It reaches the bottom of the MoBo ok but thats it. it is the only cable that I can't get tucked behind anything. I would like to run it behind the motherboard but its way too short. Guess i could solder extentions into it. what gauge wire would I use?
Hope Im not crashing your thread thegreat13, sorry.


----------



## thegreat13 (Aug 15, 2008)

Np mate.:wave: I ve finished actually my 1st mod and voila some pics of it. :1angel:


----------



## magnethead (Mar 18, 2006)

hit it in blck and hiding wires between the tray and other removable door? 

What did you use for a grommet? 1/8" rubber hose?


----------



## OTHG_ChefTreb (May 7, 2008)

Nice job! I see you have revision 1 of the case. Mine is rev 2, it has two holes about midway up the back of the case by the harddrive bays. I added three more like you did. Looking good.


----------



## magnethead (Mar 18, 2006)

there's actually 3 revisions i think. 1 has a cheese-grate area next to PCI's, 2 has a pair of round holes for water cooling, and 3 has the 2 cabling holes.


----------



## stressfreesoul (Mar 17, 2008)

a lot of cases have that cheese grater. I cut mine straight out.


----------



## thegreat13 (Aug 15, 2008)

magnethead said:


> hit it in blck and hiding wires between the tray and other removable door?
> 
> What did you use for a grommet? 1/8" rubber hose?

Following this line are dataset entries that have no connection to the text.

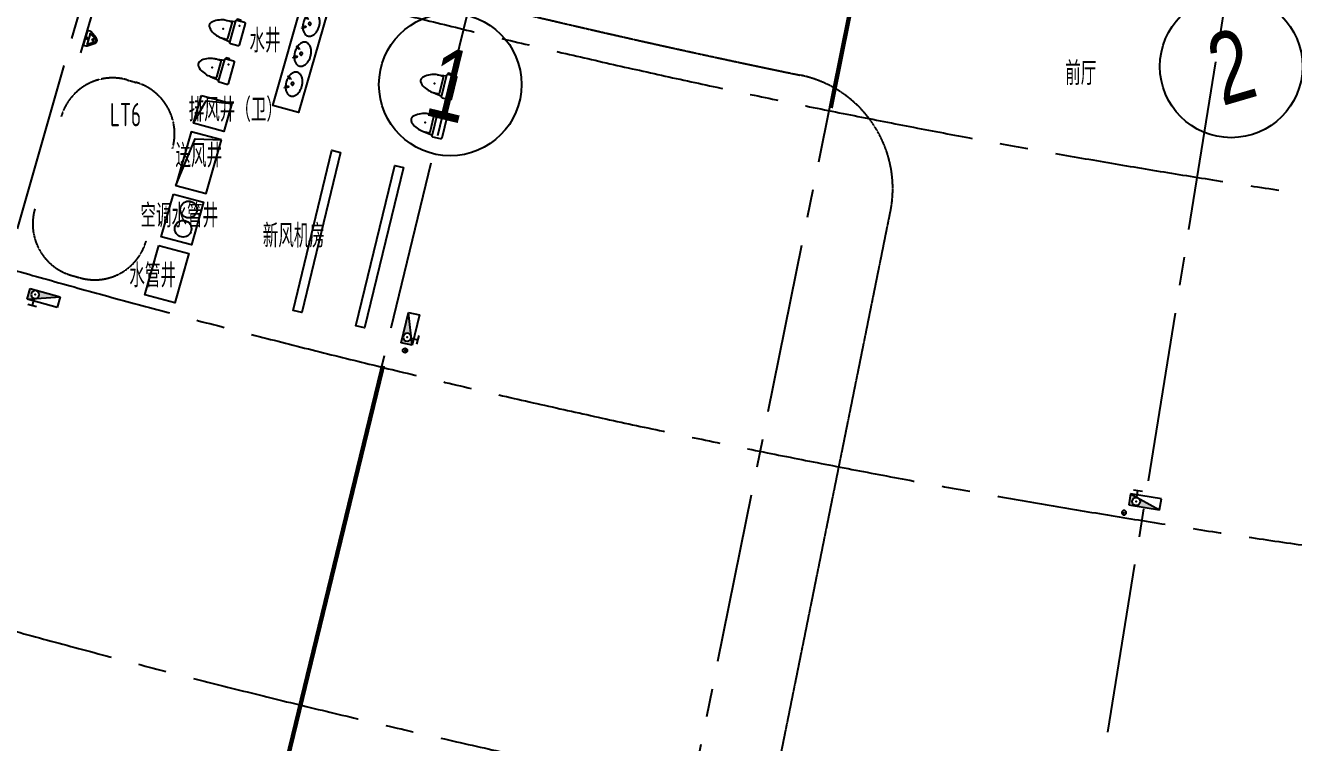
# Model space of a CAD drawing. Extents: x -668578 to 2331563, y -1202445 to 1620273.
# Drawn here: x 540407 to 568877, y 67310 to 83406 of the extents above; entities that cross this region are included whole.
import ezdxf
from ezdxf.enums import TextEntityAlignment as Align

# ---------------------------------------------------------------- set-up
doc = ezdxf.new("R2010")
doc.units = 0
for name, pattern in [('CENTER2', [28.575, 19.05, -3.175, 3.175, -3.175]), ('CONTINOUS', [0]), ('DASH', [0.35, 0.25, -0.1]), ('DOT2', [0.125, 0, -0.125]), ('Y000000S0$0$CONTINOUS', [0])]:
    doc.linetypes.add(name, pattern=pattern)
doc.layers.get('0').update_dxf_attribs({"color": 8})
doc.layers.get('Defpoints').update_dxf_attribs({"color": 8})
for name, color, linetype in [('#标注', 8, 'Continuous'), ('#轴线', 8, 'CENTER2'), ('A-AL', 8, 'Continuous'), ('A-BEAM-PLAN-C', 8, 'Continuous'), ('A-DIMS-150', 8, 'Continuous'), ('A-FIXT', 8, 'Continuous'), ('A-FLOR-OTLN', 8, 'DOT2'), ('dim', 8, 'Continuous'), ('STAIR', 8, 'Continuous'), ('WINDOW', 8, 'Continuous'), ('外轮廓', 8, 'Continuous'), ('建-文字', 8, 'Continuous'), ('暖-消防-挡烟垂壁', 8, 'Continuous'), ('暖-空调箱-基础', 8, 'Continuous'), ('水-消防-消火栓', 8, 'Continuous'), ('水-消防-消火栓-标识', 8, 'Continuous')]:
    doc.layers.add(name, color=color, linetype=linetype)
doc.layers.add('暖-临时-提电', color=8, linetype='Continuous', plot=False)
doc.styles.add('JHZX', font='jrs.shx', dxfattribs={"width": 0.6, "bigfont": 'jhz.shx'})
doc.styles.add('XD2008', font='xd-hzs.shx', dxfattribs={"width": 0.7, "bigfont": 'xd-hztxt.shx'})
doc.dimstyles.new('JZBZ-400', dxfattribs={"dimscale": 400, "dimtxt": 3, "dimasz": 1.5, "dimexe": 1, "dimexo": 1, "dimgap": 0.5, "dimtad": 1, "dimdec": 0, "dimdsep": 46, "dimtxsty": 'JHZX', "dimblk1": 'ARCHTICK', "dimblk2": 'ARCHTICK', "dimsah": 1, "dimcen": 0, "dimclrd": 1, "dimclre": 1, "dimclrt": 2, "dimazin": 2, "dimtfac": 1, "dimtdec": 0, "dimtix": 1, "dimtmove": 0, "dimatfit": 3, "dimfxl": 0, "dimtolj": 1, "dimlwd": -1, "dimlwe": -1, "dimarcsym": 0})

# ---------------------------------------------------------------- blocks, each defined once
blk = doc.blocks.new('_ARCHTICK')
at = {"color": 0, "linetype": 'ByBlock', "const_width": 0.15}
blk.add_lwpolyline([(-0.5, -0.5), (0.5, 0.5)], dxfattribs=at)
blk = doc.blocks.new('*D2939')
at = {"layer": '#标注', "ltscale": 300, "transparency": 16777216}
for p, q in [((-1773, -1481), (-9342, -7863)), ((165914, -92056), (164727, -101884))]:
    blk.add_line(p, q, dxfattribs=at)
blk.add_arc((197092, 166179), 269610, 220.13382, 263.11563, dxfattribs=at)
at = {"layer": 'Defpoints', "color": 0, "ltscale": 300, "transparency": 16777216}
for p in [(197092, 166179), (-1467, -1224), (40380, -53208), (165962, -91659)]:
    blk.add_point(p, dxfattribs=at)
at = {"layer": '#标注', "ltscale": 300, "transparency": 16777216, "xscale": 600, "yscale": 600, "zscale": 600}
for p, rotation in [((-9036, -7605), 130.1338192809485), ((164775, -101487), 353.1156299250187)]:
    blk.add_blockref('_ARCHTICK', p, dxfattribs=dict(at, rotation=rotation))
at = {"layer": '#标注', "ltscale": 300, "transparency": 16777216, "insert": (69342, -70334), "char_height": 1200, "attachment_point": 5, "rotation": 331.6247, "style": 'JHZX'}
blk.add_mtext('\\A1;42.98°', dxfattribs=at)
blk = doc.blocks.new('*U2924')
at = {"linetype": 'ByBlock'}
blk.add_line((0, -20), (0, 0), dxfattribs=at)
blk.add_circle((0, -24), 4, dxfattribs=at)
at = {"color": 253, "linetype": 'ByBlock', "style": 'JHZX', "width": 0.75}
blk.add_attdef('AXES', text='', height=4, dxfattribs=at).set_placement((0, -24), align=Align.MIDDLE_CENTER)
blk = doc.blocks.new('$lvtry$00000206')
at = {"color": 0}
for points in [[(-253, -220, -0.414214), (-275, -198), (-275, -22, -0.414214), (-253, 0), (253, 0, -0.414214), (275, -22), (275, -198, -0.414214), (253, -220)], [(181, -286), (-181, -286, 0.39219), (-201, -305), (-202, -326), (-204, -363), (-205, -398), (-204, -429), (-201, -459), (-197, -488), (-189, -518), (-180, -550), (-168, -584), (-153, -619), (-135, -654), (-114, -687), (-90, -717), (-63, -741), (-33, -760), (-12, -767, 0.15433), (12, -767), (33, -760), (63, -741), (90, -717), (114, -687), (135, -654), (153, -619), (168, -584), (180, -550), (189, -518), (197, -488), (201, -459), (204, -429), (205, -398), (204, -363), (202, -326), (201, -305, 0.39219)]]:
    blk.add_lwpolyline(points, format="xyb", close=True, dxfattribs=at)
blk.add_lwpolyline([(-275, -120), (-297, -120), (-297, -200), (-275, -200)], close=True, dxfattribs=at)
for points in [[(-205, -428), (-235, -220)], [(205, -428), (235, -220)]]:
    blk.add_lwpolyline(points, dxfattribs=at)
for p in [(-166, -109), (1, -443)]:
    blk.add_point(p, dxfattribs=at)
blk = doc.blocks.new('A$C56F85882')
at = {"layer": 'A-FIXT', "linetype": 'Y000000S0$0$CONTINOUS', "lineweight": -3}
blk.add_blockref('$lvtry$00000206', (462, 1512), dxfattribs=at)
blk = doc.blocks.new('$lvtry$00000221')
at = {"color": 0}
for p, q in [((-124, -91), (-43, -216)), ((-116, -76), (116, -76)), ((43, -216), (124, -91))]:
    blk.add_line(p, q, dxfattribs=at)
blk.add_lwpolyline([(69, -231, -0.57735), (-69, -231), (-162, -88, -0.145378), (-170, -61), (-170, 0), (170, 0), (170, -61, -0.145378), (162, -88)], format="xyb", close=True, dxfattribs=at)
for centre, radius in [((0, -177), 20), ((0, -38), 17.7)]:
    blk.add_circle(centre, radius, dxfattribs=at)
for centre, radius, start, end in [((-116, -86), 10, 90, 213.0863), ((0, -191), 50, 210, 330), ((116, -86), 10, 326.9137, 90)]:
    blk.add_arc(centre, radius, start, end, dxfattribs=at)
for p in [(0, -38), (0, -177)]:
    blk.add_point(p, dxfattribs=at)
blk = doc.blocks.new('A$C206F0229_M_F')
at = {"layer": 'A-FIXT', "linetype": 'Y000000S0$0$CONTINOUS', "lineweight": -3, "extrusion": (0, 0, -1), "zscale": -1, "rotation": 90.00000000000011}
blk.add_blockref('$lvtry$00000221', (0, 362), dxfattribs=at)
blk = doc.blocks.new('A$C346B0DA7')
for p, q in [((59, 99), (138, 146)), ((59, 99), (71, 79)), ((71, 79), (150, 126)), ((138, 146), (150, 126)), ((59, -99), (71, -79)), ((59, -99), (138, -146)), ((71, -79), (150, -126)), ((150, -126), (138, -146))]:
    blk.add_line(p, q)
for points in [[(124, 138, 0.012883), (119, 150, 0.028735), (103, 183, 0.038584), (81, 215, 0.043635), (58, 239, 0.046948), (30, 260, 0.060002), (3, 271, 0.075785), (-27, 275, 0.060889), (-62, 271, 0.054586), (-94, 259, 0.054379), (-122, 240, 0.038321), (-146, 217, 0.035303), (-168, 189, 0.040035), (-185, 157, 0.032621), (-200, 118, 0.024635), (-211, 77, 0.053768), (-218, -1), (-216, -39), (-211, -76, 1826.718919)], [(124, 138, 0.012883), (119, 150, 0.028735), (103, 183, 0.038584), (81, 215, 0.043635), (58, 239, 0.046948), (30, 260, 0.060002), (3, 271, 0.075785), (-27, 275, 0.060889), (-62, 271, 0.054586), (-94, 259, 0.054379), (-122, 240, 0.038321), (-146, 217, 0.035303), (-168, 189, 0.040035), (-185, 157, 0.032621), (-200, 118, 0.024635), (-211, 77, 0.053768), (-218, -1), (-216, -39), (-211, -76, 1826.718919)], [(124, 138, 0.012883), (119, 150, 0.028735), (103, 183, 0.038584), (81, 215, 0.043635), (58, 239, 0.046948), (30, 260, 0.060002), (3, 271, 0.075785), (-27, 275, 0.060889), (-62, 271, 0.054586), (-94, 259, 0.054379), (-122, 240, 0.038321), (-146, 217, 0.035303), (-168, 189, 0.040035), (-185, 157, 0.032621), (-200, 118, 0.024635), (-211, 77, 0.053768), (-218, -1), (-216, -39), (-211, -76, 1826.718919)], [(124, 138, 0.012883), (119, 150, 0.028735), (103, 183, 0.038584), (81, 215, 0.043635), (58, 239, 0.046948), (30, 260, 0.060002), (3, 271, 0.075785), (-27, 275, 0.060889), (-62, 271, 0.054586), (-94, 259, 0.054379), (-122, 240, 0.038321), (-146, 217, 0.035303), (-168, 189, 0.040035), (-185, 157, 0.032621), (-200, 118, 0.024635), (-211, 77, 0.053768), (-218, -1), (-216, -39), (-211, -76, 1826.718919)], [(132, -115, 0.025128), (138, -85, 0.042673), (146, 0), (144, 42, 0.021447), (138, 85, 0.025126), (132, 115)], [(132, -115, 0.025128), (138, -85, 0.042673), (146, 0), (144, 42, 0.021447), (138, 85, 0.025126), (132, 115)], [(132, -115, 0.025128), (138, -85, 0.042673), (146, 0), (144, 42, 0.021447), (138, 85, 0.025126), (132, 115)], [(132, -115, 0.025128), (138, -85, 0.042673), (146, 0), (144, 42, 0.021447), (138, 85, 0.025126), (132, 115)], [(-211, -76, 0.02503), (-200, -118, 0.032621), (-185, -157, 0.040035), (-168, -189, 0.035303), (-146, -217, 0.038321), (-122, -240, 0.054379), (-94, -259, 0.054586), (-62, -271, 0.060889), (-27, -275, 0.075785), (3, -271, 0.060002), (30, -260, 0.046948), (58, -239, 0.043635), (81, -215, 0.038584), (103, -183, 0.028735), (119, -150, 0.012881), (124, -138)], [(-211, -76, 0.02503), (-200, -118, 0.032621), (-185, -157, 0.040035), (-168, -189, 0.035303), (-146, -217, 0.038321), (-122, -240, 0.054379), (-94, -259, 0.054586), (-62, -271, 0.060889), (-27, -275, 0.075785), (3, -271, 0.060002), (30, -260, 0.046948), (58, -239, 0.043635), (81, -215, 0.038584), (103, -183, 0.028735), (119, -150, 0.012881), (124, -138)], [(-211, -76, 0.02503), (-200, -118, 0.032621), (-185, -157, 0.040035), (-168, -189, 0.035303), (-146, -217, 0.038321), (-122, -240, 0.054379), (-94, -259, 0.054586), (-62, -271, 0.060889), (-27, -275, 0.075785), (3, -271, 0.060002), (30, -260, 0.046948), (58, -239, 0.043635), (81, -215, 0.038584), (103, -183, 0.028735), (119, -150, 0.012881), (124, -138)], [(-211, -76, 0.02503), (-200, -118, 0.032621), (-185, -157, 0.040035), (-168, -189, 0.035303), (-146, -217, 0.038321), (-122, -240, 0.054379), (-94, -259, 0.054586), (-62, -271, 0.060889), (-27, -275, 0.075785), (3, -271, 0.060002), (30, -260, 0.046948), (58, -239, 0.043635), (81, -215, 0.038584), (103, -183, 0.028735), (119, -150, 0.012881), (124, -138)]]:
    blk.add_lwpolyline(points, format="xyb")
blk.add_lwpolyline([(-29, 0, 0.414221), (0, -29, 0.414221), (29, 0, 0.414221), (0, 29, 0.414221)], format="xyb", close=True)
blk.add_lwpolyline([(-29, 0, 0.414221), (0, -29, 0.414221), (29, 0, 0.414221), (0, 29, 0.414221)], format="xyb", close=True)
blk.add_lwpolyline([(-29, 0, 0.414221), (0, -29, 0.414221), (29, 0, 0.414221), (0, 29, 0.414221)], format="xyb", close=True)
blk.add_lwpolyline([(-29, 0, 0.414221), (0, -29, 0.414221), (29, 0, 0.414221), (0, 29, 0.414221)], format="xyb", close=True)
blk = doc.blocks.new('消火栓箱-111')
blk.add_hatch(color=256).paths.add_polyline_path([(-200, -54), (-200, -60, -0.414214), (-110, -150, -1), (-290, -150, -0.414214), (-200, -60), (-200, -54), (-350, 0), (-350, -250), (350, -250)])
for p, q in [((350, 0), (-350, 0)), ((-350, 0), (350, -250)), ((-350, 0), (-350, -250)), ((-300, 100), (-100, 100)), ((-200, -60), (-200, 100)), ((350, -250), (350, 0)), ((-350, -250), (350, -250))]:
    blk.add_line(p, q)
blk.add_circle((-200, -150), 90)
blk.add_point((-200, -150))
at = {"layer": '水-消防-消火栓'}
blk.add_arc((-350, 0), 700, 359.9687, 0, dxfattribs=at)
blk = doc.blocks.new('立管-R75-1')
at = {"linetype": 'Continuous'}
blk.add_circle((0, 0), 75, dxfattribs=at)
blk.add_point((0, 0), dxfattribs=at)
blk = doc.blocks.new('A$C145C2DD4')
at = {"layer": '暖-消防-挡烟垂壁', "color": 3, "linetype": 'DASH', "const_width": 100}
for points in [[(171509, 48155), (168958, 35513)], [(158907, 29727), (155220, 14569)]]:
    blk.add_lwpolyline(points, dxfattribs=at)
blk = doc.blocks.new('A$C9fbb2d7a')
at = {"layer": 'A-AL'}
blk.add_lwpolyline([(-143011, -4763, 0.37323), (-142744, -8750, 0.170493), (12906, -84262, 0.412397), (16280, -81597), (25756, -3110)], format="xyb", dxfattribs=at)
at = {"layer": 'A-BEAM-PLAN-C', "linetype": 'CONTINOUS'}
for points in [[(-13589, -33163), (-12912, -33342), (-13091, -33968), (-13767, -33786)], [(-13145, -34160), (-13822, -33979), (-14165, -35181), (-13489, -35362)], [(-14221, -35373), (-13544, -35554), (-13818, -36516), (-14494, -36335)], [(-14549, -36527), (-13873, -36709), (-14189, -37814), (-14865, -37633)]]:
    blk.add_lwpolyline(points, close=True, dxfattribs=at)
at = {"layer": 'A-DIMS-150'}
for points in [[(-13767, -33786), (-13486, -33280), (-12912, -33342)], [(-14165, -35181), (-13736, -34133), (-13145, -34160)]]:
    blk.add_lwpolyline(points, dxfattribs=at)
at = {"layer": 'A-FIXT'}
blk.add_line((-16297, -32204), (-15216, -28508), dxfattribs=at)
blk.add_lwpolyline([(-11260, -30834), (-10683, -30999), (-11411, -33547), (-11988, -33383)], close=True, dxfattribs=at)
at = {"layer": 'A-FLOR-OTLN'}
blk.add_arc((42590, 175095), 260600, 224.76926, 263.47095, dxfattribs=at)
at = {"layer": 'STAIR', "color": 9, "linetype": 'DASH'}
for p, q in [((-15257, -32813), (-15064, -32868)), ((-16509, -37198), (-16316, -37253))]:
    blk.add_line(p, q, dxfattribs=at)
for points in [[(-16740, -33637, -0.414214), (-15257, -32813)], [(-14240, -34351, 0.414214), (-15064, -32868)], [(-17333, -35714, 0.414214), (-16509, -37198)], [(-14833, -36428, -0.414214), (-16316, -37253)]]:
    blk.add_lwpolyline(points, format="xyb", dxfattribs=at)
at = {"layer": '外轮廓', "color": 3, "linetype": 'DASH', "ltscale": 5}
blk.add_lwpolyline([(-112763, 26786), (-144951, -5020, 0.412976), (-144980, -8689, 0.149442), (-10150, -82155, 0.414726), (-7076, -80123), (1875, -35767, 0.413123), (-150, -32706, -0.149509), (-109077, 26754, 0.415715), (-112763, 26786)], format="xyb", close=True, dxfattribs=at)
at = {"layer": '暖-临时-提电', "color": 101}
for centre in [(-13879, -35720), (-14003, -36152)]:
    blk.add_circle(centre, 188, dxfattribs=at)
at = {"layer": '暖-空调箱-基础', "elevation": 0}
for points in [[(-10467, -34438), (-11339, -38034), (-11533, -37987), (-10661, -34391)], [(-9057, -34780), (-9930, -38376), (-10124, -38329), (-9252, -34733)]]:
    blk.add_lwpolyline(points, close=True, dxfattribs=at)
at = {"layer": 'A-FIXT'}
for name, p, rotation in [('A$C56F85882', (-14004, -30931), 254.0669260978361), ('A$C346B0DA7', (-11159, -31553), 163.970129955748), ('A$C206F0229_M_F', (-16097, -31520), 163.7039460153041), ('A$C56F85882', (-14252, -31796), 254.0669260978361), ('A$C346B0DA7', (-11352, -32226), 163.970129955748), ('A$C346B0DA7', (-11546, -32899), 163.970129955748), ('A$C56F85882', (-9286, -32192), 256.329027781558), ('A$C56F85882', (-9499, -33067), 256.329027781558)]:
    blk.add_blockref(name, p, dxfattribs=dict(at, rotation=rotation))
at = {"layer": 'WINDOW'}
blk.add_blockref('A$C145C2DD4', (-168424, -68953), dxfattribs=at)
at = {"layer": '水-消防-消火栓', "xscale": -1}
for p, rotation in [((-17170, -37828), 164.4037220316614), ((-8781, -38428), 256.3290280231318)]:
    blk.add_blockref('消火栓箱-111', p, dxfattribs=dict(at, rotation=rotation))
at = {"layer": '水-消防-消火栓', "rotation": 350.7039459919504}
blk.add_blockref('消火栓箱-111', (7612, -42158), dxfattribs=at)
at = {"layer": '水-消防-消火栓-标识'}
for p, xscale, yscale, zscale, rotation in [((-9021, -38884), 0.6666666665114471, 0.6666666665114471, 0.6666666665114471, 344.0202744855413), ((7117, -42524), -0.6666666665114466, 0.6666666665114465, 0.6666666665114466, 263.0126995295407)]:
    blk.add_blockref('立管-R75-1', p, dxfattribs=dict(at, xscale=xscale, yscale=yscale, zscale=zscale, rotation=rotation))
at = {"layer": '建-文字', "style": 'XD2008', "width": 0.7}
for s, p in [('水井', (-12515, -32197)), ('前厅', (5799, -32927)), ('排风井（卫）', (-13879, -33746)), ('LT6', (-15646, -33854)), ('送风井', (-14175, -34777)), ('空调水管井', (-14963, -36123)), ('新风机房', (-12215, -36574)), ('水管井', (-15210, -37465))]:
    blk.add_text(s, height=525, dxfattribs=at).set_placement(p)
blk = doc.blocks.new('DSGDFG')
at = {"layer": '#标注', "ltscale": 300}
blk.add_arc((197092.2, 166179.2), 257800, 220.136073, 263.11563, dxfattribs=at)
at = {"layer": '#轴线', "ltscale": 200}
for p, q in [((125802.1, -83537.5), (145071.4, -16040.7)), ((135712.6, -86165.5), (152304.6, -17952.1)), ((145722.9, -88382.9), (159607.6, -19576.5)), ((155809.7, -90221), (166969.1, -20911.3))]:
    blk.add_line(p, q, dxfattribs=at)
for radius in [212800, 220600, 228400, 236200, 244000, 251800, 257800]:
    blk.add_arc((197092.2, 166179.2), radius, 218.438892, 265.140584, dxfattribs=at)
at = {"layer": '#标注', "linetype": 'ByBlock', "xscale": 400, "yscale": 400}
for p, rotation, values in [((161327.8, -32212), 16.32880782961037, {'AXES': '2'}), ((148765.2, -32503.5), 346.3288078296102, {'AXES': '1'})]:
    blk.add_blockref('*U2924', p, dxfattribs=dict(at, rotation=rotation)).add_auto_attribs(values)
at = {"layer": '#标注', "ltscale": 300}
dim = blk.add_angular_dim_3p(base=(40379.7, -53208.3), center=(197092.1, 166179.2), p1=(-1467, -1223.5), p2=(165961.7, -91658.5), dimstyle='JZBZ-400', override={"dimclrd": 256, "dimclre": 256, "dimclrt": 256}, dxfattribs=at)
dim.commit()
dim.dimension.update_dxf_attribs({"geometry": '*D2939', "text_midpoint": (69341.6, -70334.5)})

msp = doc.modelspace()

# ---------------------------------------------------------------- block references
at = {"layer": '#标注'}
msp.add_blockref('DSGDFG', (403448.9, 123910), dxfattribs=at)
at = {"layer": 'dim', "ltscale": 300}
msp.add_blockref('A$C9fbb2d7a', (557951.5, 114994.4), dxfattribs=at)

doc.saveas('drawing.dxf')

Actually i used a drill to make like 100 holes one next to the other and then a smoothing tool to fix them in the "perfect" shape. It was a pain in the ***...:upset: 

P.s. Yeah i ve got rev.1. With 2 i would avoid making 2 extra holes.. <3
P.s.2 I love the black colour in my case right now.I wonder my Antec didnt paint it black by themselves. Prolly to keep the cost down..


----------